HOW TO COMPLETE THIS TASK:
Which lines in the entries below contain the string "body"? Show each of them in full.
[[ RECORDS FOR THIS EXERCISE open ]]
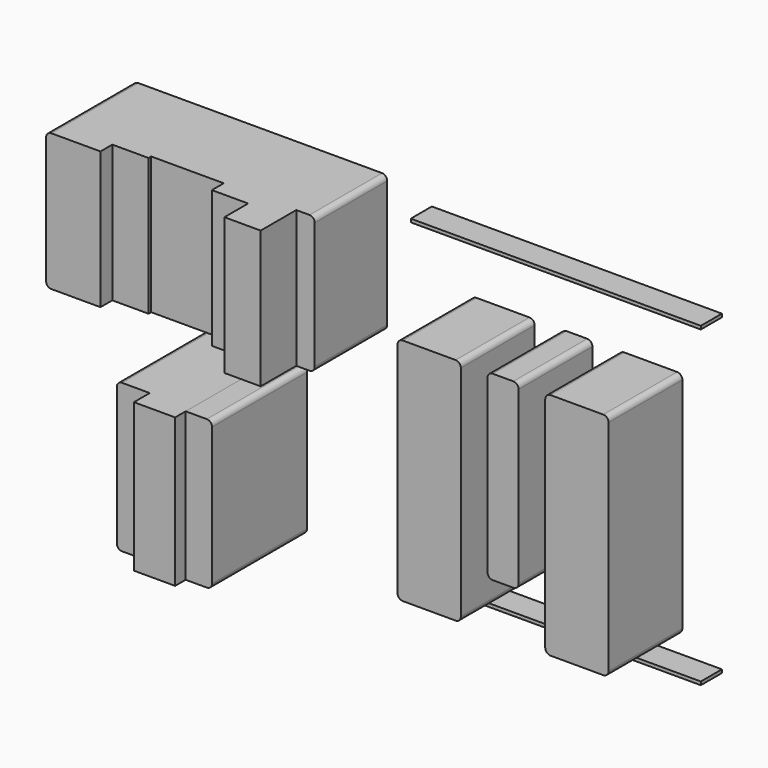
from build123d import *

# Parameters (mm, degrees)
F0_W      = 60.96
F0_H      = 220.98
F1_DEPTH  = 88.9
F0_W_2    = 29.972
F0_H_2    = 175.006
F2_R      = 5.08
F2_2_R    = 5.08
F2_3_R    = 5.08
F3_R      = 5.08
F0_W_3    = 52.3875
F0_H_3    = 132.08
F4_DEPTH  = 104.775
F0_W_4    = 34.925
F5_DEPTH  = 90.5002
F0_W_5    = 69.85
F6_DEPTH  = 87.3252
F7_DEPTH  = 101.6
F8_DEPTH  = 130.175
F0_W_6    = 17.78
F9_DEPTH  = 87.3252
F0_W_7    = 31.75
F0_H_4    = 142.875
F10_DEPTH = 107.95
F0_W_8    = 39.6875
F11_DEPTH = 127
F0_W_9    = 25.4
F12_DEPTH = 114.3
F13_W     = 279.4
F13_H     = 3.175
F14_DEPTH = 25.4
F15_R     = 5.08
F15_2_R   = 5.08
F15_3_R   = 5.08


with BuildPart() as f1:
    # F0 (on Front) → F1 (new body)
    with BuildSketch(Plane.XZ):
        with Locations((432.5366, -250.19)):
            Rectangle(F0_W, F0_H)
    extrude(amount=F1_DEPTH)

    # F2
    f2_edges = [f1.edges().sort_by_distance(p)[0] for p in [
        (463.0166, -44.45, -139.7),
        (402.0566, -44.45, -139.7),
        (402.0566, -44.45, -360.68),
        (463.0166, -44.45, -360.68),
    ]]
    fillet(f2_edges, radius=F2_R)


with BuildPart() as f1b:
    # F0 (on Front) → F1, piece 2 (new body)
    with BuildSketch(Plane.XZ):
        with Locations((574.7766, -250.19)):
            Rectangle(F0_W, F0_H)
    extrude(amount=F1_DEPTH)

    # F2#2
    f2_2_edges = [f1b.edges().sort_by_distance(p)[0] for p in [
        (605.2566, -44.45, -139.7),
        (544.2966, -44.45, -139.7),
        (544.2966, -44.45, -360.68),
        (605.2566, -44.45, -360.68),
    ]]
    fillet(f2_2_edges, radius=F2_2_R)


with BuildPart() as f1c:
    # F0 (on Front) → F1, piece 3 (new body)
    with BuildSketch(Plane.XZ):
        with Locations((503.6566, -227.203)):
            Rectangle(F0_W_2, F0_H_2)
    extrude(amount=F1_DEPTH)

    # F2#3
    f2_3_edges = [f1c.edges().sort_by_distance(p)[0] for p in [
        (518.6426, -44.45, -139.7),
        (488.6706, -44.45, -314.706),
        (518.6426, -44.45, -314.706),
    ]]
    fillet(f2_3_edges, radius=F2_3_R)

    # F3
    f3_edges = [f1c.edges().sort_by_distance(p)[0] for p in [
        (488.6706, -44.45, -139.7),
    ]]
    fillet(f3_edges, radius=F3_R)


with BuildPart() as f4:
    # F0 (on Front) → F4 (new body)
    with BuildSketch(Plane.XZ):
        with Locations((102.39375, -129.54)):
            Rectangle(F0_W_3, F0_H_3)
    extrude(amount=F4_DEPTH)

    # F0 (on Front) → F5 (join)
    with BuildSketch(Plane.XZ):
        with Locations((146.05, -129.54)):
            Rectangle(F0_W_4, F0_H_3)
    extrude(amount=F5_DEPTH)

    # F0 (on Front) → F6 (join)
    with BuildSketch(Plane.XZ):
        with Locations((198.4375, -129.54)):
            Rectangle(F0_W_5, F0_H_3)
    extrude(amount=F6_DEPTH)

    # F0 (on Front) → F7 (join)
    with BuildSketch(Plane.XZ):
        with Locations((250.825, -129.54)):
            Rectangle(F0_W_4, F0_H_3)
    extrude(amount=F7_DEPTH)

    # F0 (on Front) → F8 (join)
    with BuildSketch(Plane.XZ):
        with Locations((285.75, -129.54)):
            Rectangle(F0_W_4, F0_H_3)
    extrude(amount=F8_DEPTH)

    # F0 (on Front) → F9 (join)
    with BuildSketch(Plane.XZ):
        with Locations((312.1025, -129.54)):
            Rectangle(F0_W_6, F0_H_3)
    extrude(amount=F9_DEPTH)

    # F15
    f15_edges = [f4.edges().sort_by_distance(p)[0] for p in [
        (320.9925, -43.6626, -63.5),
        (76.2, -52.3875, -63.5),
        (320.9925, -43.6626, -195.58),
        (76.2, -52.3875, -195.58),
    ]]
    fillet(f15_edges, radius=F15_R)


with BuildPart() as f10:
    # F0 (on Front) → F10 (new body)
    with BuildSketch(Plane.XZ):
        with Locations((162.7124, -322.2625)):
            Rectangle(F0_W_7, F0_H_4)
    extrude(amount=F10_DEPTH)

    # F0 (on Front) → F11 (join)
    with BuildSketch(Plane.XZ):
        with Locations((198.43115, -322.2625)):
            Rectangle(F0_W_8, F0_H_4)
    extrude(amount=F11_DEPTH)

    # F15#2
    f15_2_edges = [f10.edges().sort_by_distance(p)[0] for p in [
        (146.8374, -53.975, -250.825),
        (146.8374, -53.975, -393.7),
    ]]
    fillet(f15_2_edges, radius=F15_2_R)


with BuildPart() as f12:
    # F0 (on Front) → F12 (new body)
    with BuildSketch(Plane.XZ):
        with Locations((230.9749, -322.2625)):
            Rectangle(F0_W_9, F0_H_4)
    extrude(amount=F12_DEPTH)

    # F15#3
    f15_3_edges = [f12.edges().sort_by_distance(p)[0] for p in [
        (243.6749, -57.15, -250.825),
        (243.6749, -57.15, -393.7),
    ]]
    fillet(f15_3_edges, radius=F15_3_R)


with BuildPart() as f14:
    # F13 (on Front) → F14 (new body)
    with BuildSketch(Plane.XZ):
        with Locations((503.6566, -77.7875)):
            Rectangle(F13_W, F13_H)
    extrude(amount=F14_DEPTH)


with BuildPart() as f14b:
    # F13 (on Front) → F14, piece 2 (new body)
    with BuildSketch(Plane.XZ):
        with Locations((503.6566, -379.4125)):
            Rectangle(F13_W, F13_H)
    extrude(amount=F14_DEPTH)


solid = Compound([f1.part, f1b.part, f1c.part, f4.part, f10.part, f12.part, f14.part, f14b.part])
[[ RECORDS FOR THIS EXERCISE closed ]]
OUTPUT OF THE TASK:
    # F0 (on Front) → F1 (new body)
    # F0 (on Front) → F1, piece 2 (new body)
    # F0 (on Front) → F1, piece 3 (new body)
    # F0 (on Front) → F4 (new body)
    # F0 (on Front) → F10 (new body)
    # F0 (on Front) → F12 (new body)
    # F13 (on Front) → F14 (new body)
    # F13 (on Front) → F14, piece 2 (new body)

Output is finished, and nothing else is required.